=== RECORDS SHOWN ===

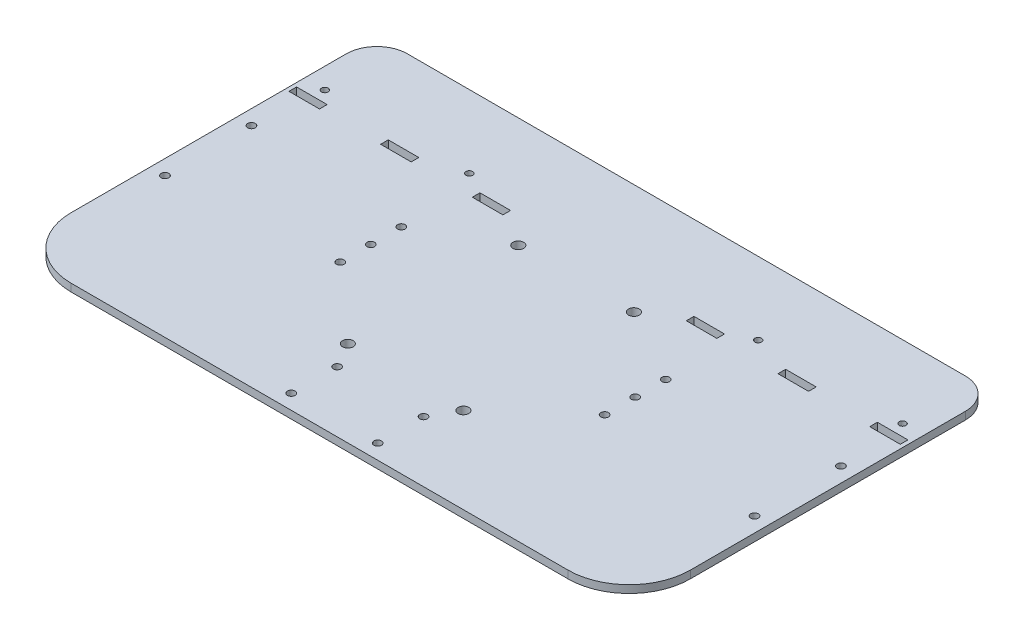
from build123d import *

# Parameters (mm, degrees)
SKETCH1_R           = 4.445
SKETCH1_R_2         = 3.175
SKETCH1_R_3         = 2.794
SKETCH1_W           = 25.4
SKETCH1_H           = 6.35
BOSS_EXTRUDE1_DEPTH = 6.35


with BuildPart() as part:
    # Sketch1 → Boss-Extrude1 (new body)
    with BuildSketch(Plane(origin=(0, 0, 0), x_dir=(1, 0, 0), z_dir=(0, 1, 0))):
        with BuildLine():
            Line((50.8, 0), (463.677487426, 0))
            ThreePointArc((463.677487426, 0), (499.59851191, 14.878975516), (514.477487426, 50.8))
            Line((514.477487426, 50.8), (514.477487426, 279.4))
            ThreePointArc((514.477487426, 279.4), (507.037999668, 297.360512242), (489.077487426, 304.8))
            Line((489.077487426, 304.8), (25.4, 304.8))
            ThreePointArc((25.4, 304.8), (7.439487758, 297.360512242), (0, 279.4))
            Line((0, 279.4), (0, 50.8))
            ThreePointArc((0, 50.8), (14.878975516, 14.878975516), (50.8, 0))
        make_face()
        with Locations((305.32695, 213.055054)):
            Circle(SKETCH1_R, mode=Mode.SUBTRACT)
        with Locations((305.32695, 71.425054)):
            Circle(SKETCH1_R, mode=Mode.SUBTRACT)
        with Locations((502.173875, 116.4574125)):
            Circle(SKETCH1_R_2, mode=Mode.SUBTRACT)
        with Locations((502.173875, 188.2917875)):
            Circle(SKETCH1_R_2, mode=Mode.SUBTRACT)
        with Locations((12.303125, 116.4574125)):
            Circle(SKETCH1_R_2, mode=Mode.SUBTRACT)
        with Locations((12.303125, 188.2917875)):
            Circle(SKETCH1_R_2, mode=Mode.SUBTRACT)
        with Locations((209.27695, 71.425054)):
            Circle(SKETCH1_R, mode=Mode.SUBTRACT)
        with Locations((209.27695, 213.055054)):
            Circle(SKETCH1_R, mode=Mode.SUBTRACT)
        with Locations((221.3848125, 50.403125)):
            Circle(SKETCH1_R_2, mode=Mode.SUBTRACT)
        with Locations((221.3848125, 12.303125)):
            Circle(SKETCH1_R_2, mode=Mode.SUBTRACT)
        with Locations((293.2191875, 50.403125)):
            Circle(SKETCH1_R_2, mode=Mode.SUBTRACT)
        with Locations((293.2191875, 12.303125)):
            Circle(SKETCH1_R_2, mode=Mode.SUBTRACT)
        with Locations((147.3962, 177.7746)):
            Circle(SKETCH1_R_2, mode=Mode.SUBTRACT)
        with Locations((147.3962, 126.9746)):
            Circle(SKETCH1_R_2, mode=Mode.SUBTRACT)
        with Locations((147.3962, 152.3746)):
            Circle(SKETCH1_R_2, mode=Mode.SUBTRACT)
        with Locations((367.081287426, 152.3746)):
            Circle(SKETCH1_R_2, mode=Mode.SUBTRACT)
        with Locations((367.081287426, 126.9746)):
            Circle(SKETCH1_R_2, mode=Mode.SUBTRACT)
        with Locations((367.081287426, 177.7746)):
            Circle(SKETCH1_R_2, mode=Mode.SUBTRACT)
        with Locations((497.175487426, 244.4496)):
            Circle(SKETCH1_R_3, mode=Mode.SUBTRACT)
        with Locations((377.175487426, 244.4496)):
            Circle(SKETCH1_R_3, mode=Mode.SUBTRACT)
        with Locations((137.175487426, 244.4496)):
            Circle(SKETCH1_R_3, mode=Mode.SUBTRACT)
        with Locations((17.175487426, 244.4496)):
            Circle(SKETCH1_R_3, mode=Mode.SUBTRACT)
        with Locations((498.475487426, 231.7496)):
            Rectangle(SKETCH1_W, SKETCH1_H, mode=Mode.SUBTRACT)
        with Locations((422.275487426, 231.7496)):
            Rectangle(SKETCH1_W, SKETCH1_H, mode=Mode.SUBTRACT)
        with Locations((346.075487426, 231.7496)):
            Rectangle(SKETCH1_W, SKETCH1_H, mode=Mode.SUBTRACT)
        with Locations((168.275487426, 231.7496)):
            Rectangle(SKETCH1_W, SKETCH1_H, mode=Mode.SUBTRACT)
        with Locations((92.075487426, 231.7496)):
            Rectangle(SKETCH1_W, SKETCH1_H, mode=Mode.SUBTRACT)
        with Locations((15.875487426, 231.7496)):
            Rectangle(SKETCH1_W, SKETCH1_H, mode=Mode.SUBTRACT)
    extrude(amount=BOSS_EXTRUDE1_DEPTH)


solid = part.part

===

[WHAT TO PRODUCE]
Report the total of lines above containing the string "part", and write nothing besides it.

[ANSWER FOR THE TASK]
2